─── RECORDS TO PROCESS ───
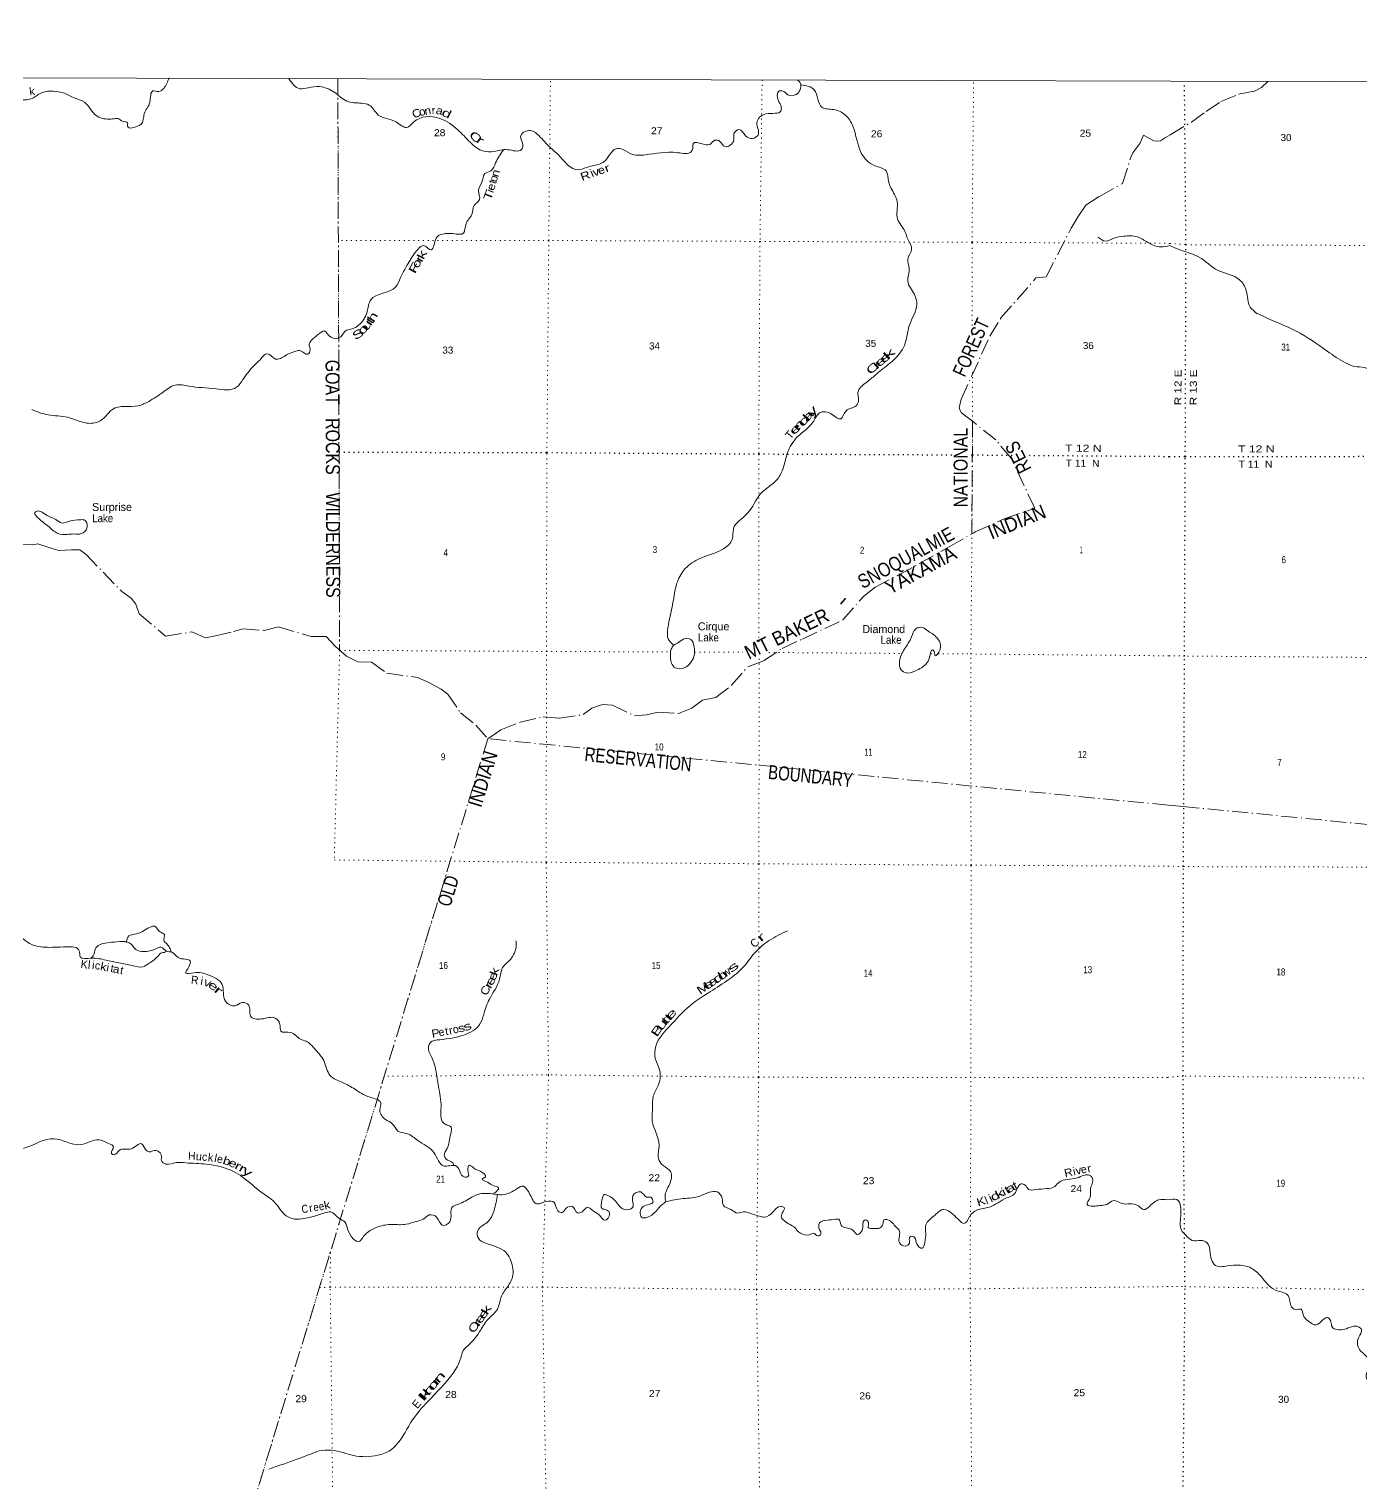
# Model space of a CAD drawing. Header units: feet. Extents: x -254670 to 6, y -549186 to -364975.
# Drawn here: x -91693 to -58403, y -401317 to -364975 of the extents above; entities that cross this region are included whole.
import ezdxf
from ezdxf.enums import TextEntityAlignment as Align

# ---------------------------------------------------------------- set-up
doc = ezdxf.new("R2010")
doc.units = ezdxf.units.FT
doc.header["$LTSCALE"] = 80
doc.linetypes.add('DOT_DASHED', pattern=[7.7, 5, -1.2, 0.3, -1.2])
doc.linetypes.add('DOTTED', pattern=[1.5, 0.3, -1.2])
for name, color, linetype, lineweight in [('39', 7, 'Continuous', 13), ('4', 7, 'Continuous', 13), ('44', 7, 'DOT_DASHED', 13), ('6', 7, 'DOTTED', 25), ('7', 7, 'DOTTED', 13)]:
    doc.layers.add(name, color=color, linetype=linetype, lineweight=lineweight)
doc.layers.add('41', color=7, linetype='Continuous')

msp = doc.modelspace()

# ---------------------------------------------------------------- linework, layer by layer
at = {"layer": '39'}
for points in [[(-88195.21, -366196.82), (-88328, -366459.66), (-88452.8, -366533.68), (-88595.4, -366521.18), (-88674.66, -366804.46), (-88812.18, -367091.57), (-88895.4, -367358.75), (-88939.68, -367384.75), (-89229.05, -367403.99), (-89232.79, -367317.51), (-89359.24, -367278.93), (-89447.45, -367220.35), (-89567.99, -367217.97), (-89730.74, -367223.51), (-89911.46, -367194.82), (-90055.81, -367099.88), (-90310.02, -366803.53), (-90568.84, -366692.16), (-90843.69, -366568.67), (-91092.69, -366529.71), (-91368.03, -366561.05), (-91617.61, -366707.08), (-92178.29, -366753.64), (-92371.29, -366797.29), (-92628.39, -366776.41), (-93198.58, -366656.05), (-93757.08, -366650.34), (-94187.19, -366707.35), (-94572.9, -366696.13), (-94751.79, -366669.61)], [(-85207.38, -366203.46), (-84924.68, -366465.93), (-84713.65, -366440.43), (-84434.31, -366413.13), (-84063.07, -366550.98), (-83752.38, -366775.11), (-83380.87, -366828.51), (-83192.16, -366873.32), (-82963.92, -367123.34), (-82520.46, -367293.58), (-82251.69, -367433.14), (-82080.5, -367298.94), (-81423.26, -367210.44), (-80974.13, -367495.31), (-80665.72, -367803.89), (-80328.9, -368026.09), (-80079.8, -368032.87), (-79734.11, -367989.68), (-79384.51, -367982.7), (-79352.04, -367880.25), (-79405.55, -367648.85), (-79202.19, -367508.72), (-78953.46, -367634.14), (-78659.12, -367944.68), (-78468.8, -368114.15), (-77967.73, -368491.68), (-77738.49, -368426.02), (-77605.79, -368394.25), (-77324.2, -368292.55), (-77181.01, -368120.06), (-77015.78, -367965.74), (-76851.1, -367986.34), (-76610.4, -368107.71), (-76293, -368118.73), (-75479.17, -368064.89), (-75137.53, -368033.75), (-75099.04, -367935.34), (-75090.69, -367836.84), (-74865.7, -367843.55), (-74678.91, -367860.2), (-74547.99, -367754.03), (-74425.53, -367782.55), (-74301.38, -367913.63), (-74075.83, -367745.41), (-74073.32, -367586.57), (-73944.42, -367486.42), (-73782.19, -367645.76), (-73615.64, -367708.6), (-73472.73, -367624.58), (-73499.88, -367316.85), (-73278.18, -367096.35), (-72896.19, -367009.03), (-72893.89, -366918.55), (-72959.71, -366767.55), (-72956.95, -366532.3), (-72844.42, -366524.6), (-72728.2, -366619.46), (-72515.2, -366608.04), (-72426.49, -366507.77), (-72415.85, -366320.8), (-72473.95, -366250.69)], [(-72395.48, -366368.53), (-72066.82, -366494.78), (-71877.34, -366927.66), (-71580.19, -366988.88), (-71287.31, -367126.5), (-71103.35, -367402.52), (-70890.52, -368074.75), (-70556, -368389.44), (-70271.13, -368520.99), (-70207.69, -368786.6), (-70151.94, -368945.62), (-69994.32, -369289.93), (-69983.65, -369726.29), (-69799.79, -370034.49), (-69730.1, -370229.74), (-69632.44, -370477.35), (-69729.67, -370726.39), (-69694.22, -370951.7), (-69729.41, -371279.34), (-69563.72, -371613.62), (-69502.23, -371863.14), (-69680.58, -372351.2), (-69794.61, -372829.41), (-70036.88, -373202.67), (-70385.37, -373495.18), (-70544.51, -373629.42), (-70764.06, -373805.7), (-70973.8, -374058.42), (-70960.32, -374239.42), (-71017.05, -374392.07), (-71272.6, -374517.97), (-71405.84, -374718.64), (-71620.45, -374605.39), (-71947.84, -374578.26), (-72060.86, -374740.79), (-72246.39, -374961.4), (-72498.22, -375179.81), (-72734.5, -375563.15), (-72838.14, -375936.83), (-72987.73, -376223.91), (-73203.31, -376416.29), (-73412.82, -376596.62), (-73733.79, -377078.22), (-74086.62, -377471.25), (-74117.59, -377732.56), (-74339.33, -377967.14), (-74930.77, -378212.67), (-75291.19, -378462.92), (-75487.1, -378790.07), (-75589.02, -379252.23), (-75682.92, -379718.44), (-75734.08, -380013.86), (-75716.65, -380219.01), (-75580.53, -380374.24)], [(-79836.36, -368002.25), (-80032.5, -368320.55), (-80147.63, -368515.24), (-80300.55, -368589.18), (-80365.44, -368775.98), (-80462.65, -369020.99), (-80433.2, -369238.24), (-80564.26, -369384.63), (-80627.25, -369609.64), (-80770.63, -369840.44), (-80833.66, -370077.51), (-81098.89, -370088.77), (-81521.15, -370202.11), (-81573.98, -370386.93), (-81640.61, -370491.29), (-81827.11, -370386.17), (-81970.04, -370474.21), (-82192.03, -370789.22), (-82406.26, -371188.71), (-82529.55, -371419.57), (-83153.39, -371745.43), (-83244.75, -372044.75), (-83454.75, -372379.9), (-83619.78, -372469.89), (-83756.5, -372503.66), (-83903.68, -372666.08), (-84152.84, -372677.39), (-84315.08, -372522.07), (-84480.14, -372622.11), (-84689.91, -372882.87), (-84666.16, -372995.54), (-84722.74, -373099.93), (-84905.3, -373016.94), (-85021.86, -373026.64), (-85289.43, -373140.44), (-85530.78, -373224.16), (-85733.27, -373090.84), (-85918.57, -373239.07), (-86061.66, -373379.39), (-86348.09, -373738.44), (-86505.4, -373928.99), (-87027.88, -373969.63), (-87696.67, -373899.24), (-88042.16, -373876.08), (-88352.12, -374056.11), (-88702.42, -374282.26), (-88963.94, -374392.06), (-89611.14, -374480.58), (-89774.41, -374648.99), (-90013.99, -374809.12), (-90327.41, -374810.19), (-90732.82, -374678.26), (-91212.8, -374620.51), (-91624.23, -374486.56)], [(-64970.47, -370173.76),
───
> [AIM OF THE TASK]
All lines in the records above that contain "import" are to be reported.

> [TASK ANSWER]
import ezdxf
from ezdxf.enums import TextEntityAlignment as Align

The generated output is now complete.